Sometimes I feel like I have it all under control but then it becomes quite clear that I don’t. I have been in a fog since we came back from California and while I first blamed it on jet lag, it has been clear that it is something more. Maybe it was the idea that Sarena has really become such a young lady. I feel like you wouldn’t even recognize her, sometimes I don’t. Seeing her at her school, in her world really struck me. It struck me how time just continues on its way. And life does go on. It is sometimes more than I can handle or process – the fact that life continues along without you.
I blamed my fog on jet lag but it’s more than that. Ethan finished school and started All Stars again. We’ve had fun summer nights with concerts and visits with friends. We have had nothing to complain about, yet I can’t get out of the fog. It’s almost like in the beginning when I would worry that everyone would forget about you and our life together. And now almost five years later, it seems like a real fear. People have said things (maybe just my interpretation of what they say) where I feel like people have forgotten, where our ability to move forward in life works against us and people don’t realize that today is just as hard (actually harder) than those early days. The more time passes, nothing gets easier. It just gets sadder. It gets sadder for all you have missed here on Earth, it gets sadder because things are so different from when we shared our world. And to some degree, I remain as angry. I wonder why this happened to us? I may hide it better than I did in the beginning but I am not sure it has changed all that much.

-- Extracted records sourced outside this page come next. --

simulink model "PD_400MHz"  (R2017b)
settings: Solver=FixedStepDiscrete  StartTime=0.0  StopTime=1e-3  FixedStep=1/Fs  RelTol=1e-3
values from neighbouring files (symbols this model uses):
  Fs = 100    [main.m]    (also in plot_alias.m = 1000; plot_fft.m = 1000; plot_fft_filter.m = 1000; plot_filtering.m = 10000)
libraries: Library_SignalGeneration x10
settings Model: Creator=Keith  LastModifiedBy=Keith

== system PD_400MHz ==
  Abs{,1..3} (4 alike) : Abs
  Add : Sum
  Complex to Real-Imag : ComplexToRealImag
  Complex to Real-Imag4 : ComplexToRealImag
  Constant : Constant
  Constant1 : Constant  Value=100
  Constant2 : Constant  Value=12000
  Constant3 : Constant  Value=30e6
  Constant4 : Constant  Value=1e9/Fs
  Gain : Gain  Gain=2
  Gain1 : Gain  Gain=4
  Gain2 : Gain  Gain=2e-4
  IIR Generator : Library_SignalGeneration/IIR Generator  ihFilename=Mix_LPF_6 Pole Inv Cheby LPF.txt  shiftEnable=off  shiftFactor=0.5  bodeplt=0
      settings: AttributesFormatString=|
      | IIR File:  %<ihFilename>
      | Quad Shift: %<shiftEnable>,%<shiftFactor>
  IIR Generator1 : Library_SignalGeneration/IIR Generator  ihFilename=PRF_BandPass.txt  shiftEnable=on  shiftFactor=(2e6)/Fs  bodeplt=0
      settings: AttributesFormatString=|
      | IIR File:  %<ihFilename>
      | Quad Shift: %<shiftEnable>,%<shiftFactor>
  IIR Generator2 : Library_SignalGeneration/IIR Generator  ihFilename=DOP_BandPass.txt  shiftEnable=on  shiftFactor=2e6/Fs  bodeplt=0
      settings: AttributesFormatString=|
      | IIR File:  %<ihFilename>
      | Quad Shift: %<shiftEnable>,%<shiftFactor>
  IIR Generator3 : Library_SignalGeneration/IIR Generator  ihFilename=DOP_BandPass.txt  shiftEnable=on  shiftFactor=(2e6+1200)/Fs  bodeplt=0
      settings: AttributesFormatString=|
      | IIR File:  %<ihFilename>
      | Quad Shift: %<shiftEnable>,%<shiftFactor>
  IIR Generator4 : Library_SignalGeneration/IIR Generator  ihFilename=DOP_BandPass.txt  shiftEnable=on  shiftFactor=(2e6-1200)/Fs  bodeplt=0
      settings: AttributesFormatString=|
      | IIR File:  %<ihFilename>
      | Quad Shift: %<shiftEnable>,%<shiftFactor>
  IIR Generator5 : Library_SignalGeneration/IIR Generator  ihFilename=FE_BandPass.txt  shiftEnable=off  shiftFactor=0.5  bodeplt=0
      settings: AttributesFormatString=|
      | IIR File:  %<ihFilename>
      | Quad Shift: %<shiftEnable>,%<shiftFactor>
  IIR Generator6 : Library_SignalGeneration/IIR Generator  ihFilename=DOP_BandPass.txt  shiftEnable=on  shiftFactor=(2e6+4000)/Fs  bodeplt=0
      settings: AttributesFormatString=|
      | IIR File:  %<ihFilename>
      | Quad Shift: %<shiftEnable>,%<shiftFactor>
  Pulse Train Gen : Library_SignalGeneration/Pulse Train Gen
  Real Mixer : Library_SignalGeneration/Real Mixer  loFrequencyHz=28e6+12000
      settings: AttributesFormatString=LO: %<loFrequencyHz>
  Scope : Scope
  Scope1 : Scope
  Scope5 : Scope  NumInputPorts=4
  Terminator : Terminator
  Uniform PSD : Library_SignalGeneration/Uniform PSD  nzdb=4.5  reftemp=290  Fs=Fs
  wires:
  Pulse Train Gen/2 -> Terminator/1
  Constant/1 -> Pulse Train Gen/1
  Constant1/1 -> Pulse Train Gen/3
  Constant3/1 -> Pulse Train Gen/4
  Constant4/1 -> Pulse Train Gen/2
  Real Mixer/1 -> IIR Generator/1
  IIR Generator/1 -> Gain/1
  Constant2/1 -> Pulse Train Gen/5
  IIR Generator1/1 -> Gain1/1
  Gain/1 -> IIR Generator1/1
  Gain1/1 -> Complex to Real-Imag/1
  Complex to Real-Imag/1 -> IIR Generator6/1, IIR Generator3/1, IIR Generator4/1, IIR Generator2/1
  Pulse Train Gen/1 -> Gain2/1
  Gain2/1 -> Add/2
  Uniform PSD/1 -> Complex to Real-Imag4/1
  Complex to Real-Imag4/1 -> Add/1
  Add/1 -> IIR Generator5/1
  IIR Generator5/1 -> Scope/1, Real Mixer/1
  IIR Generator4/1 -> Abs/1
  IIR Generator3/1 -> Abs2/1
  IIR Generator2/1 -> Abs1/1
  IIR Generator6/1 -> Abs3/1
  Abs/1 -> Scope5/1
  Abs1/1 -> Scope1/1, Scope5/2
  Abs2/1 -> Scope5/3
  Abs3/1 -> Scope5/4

I used to think the first times without you were the worst and if I could get through that I would be okay. But then the second year of things without you happened and in ways it was worse. And now this year will mark the fifth year without you. That seems like a lifetime and it is in fact half of Ethan’s life – which will only become more. Soon he will have spent more of his life without you here than he did being our big brother on Earth. It is hard to wrap my head around it.
So Jakey, I ask for your help. I hope this letter helps clear my fog. I hope I get my focus back. I hope I write more because that used to help me feel connected. I love you Jakey. More than you can imagine.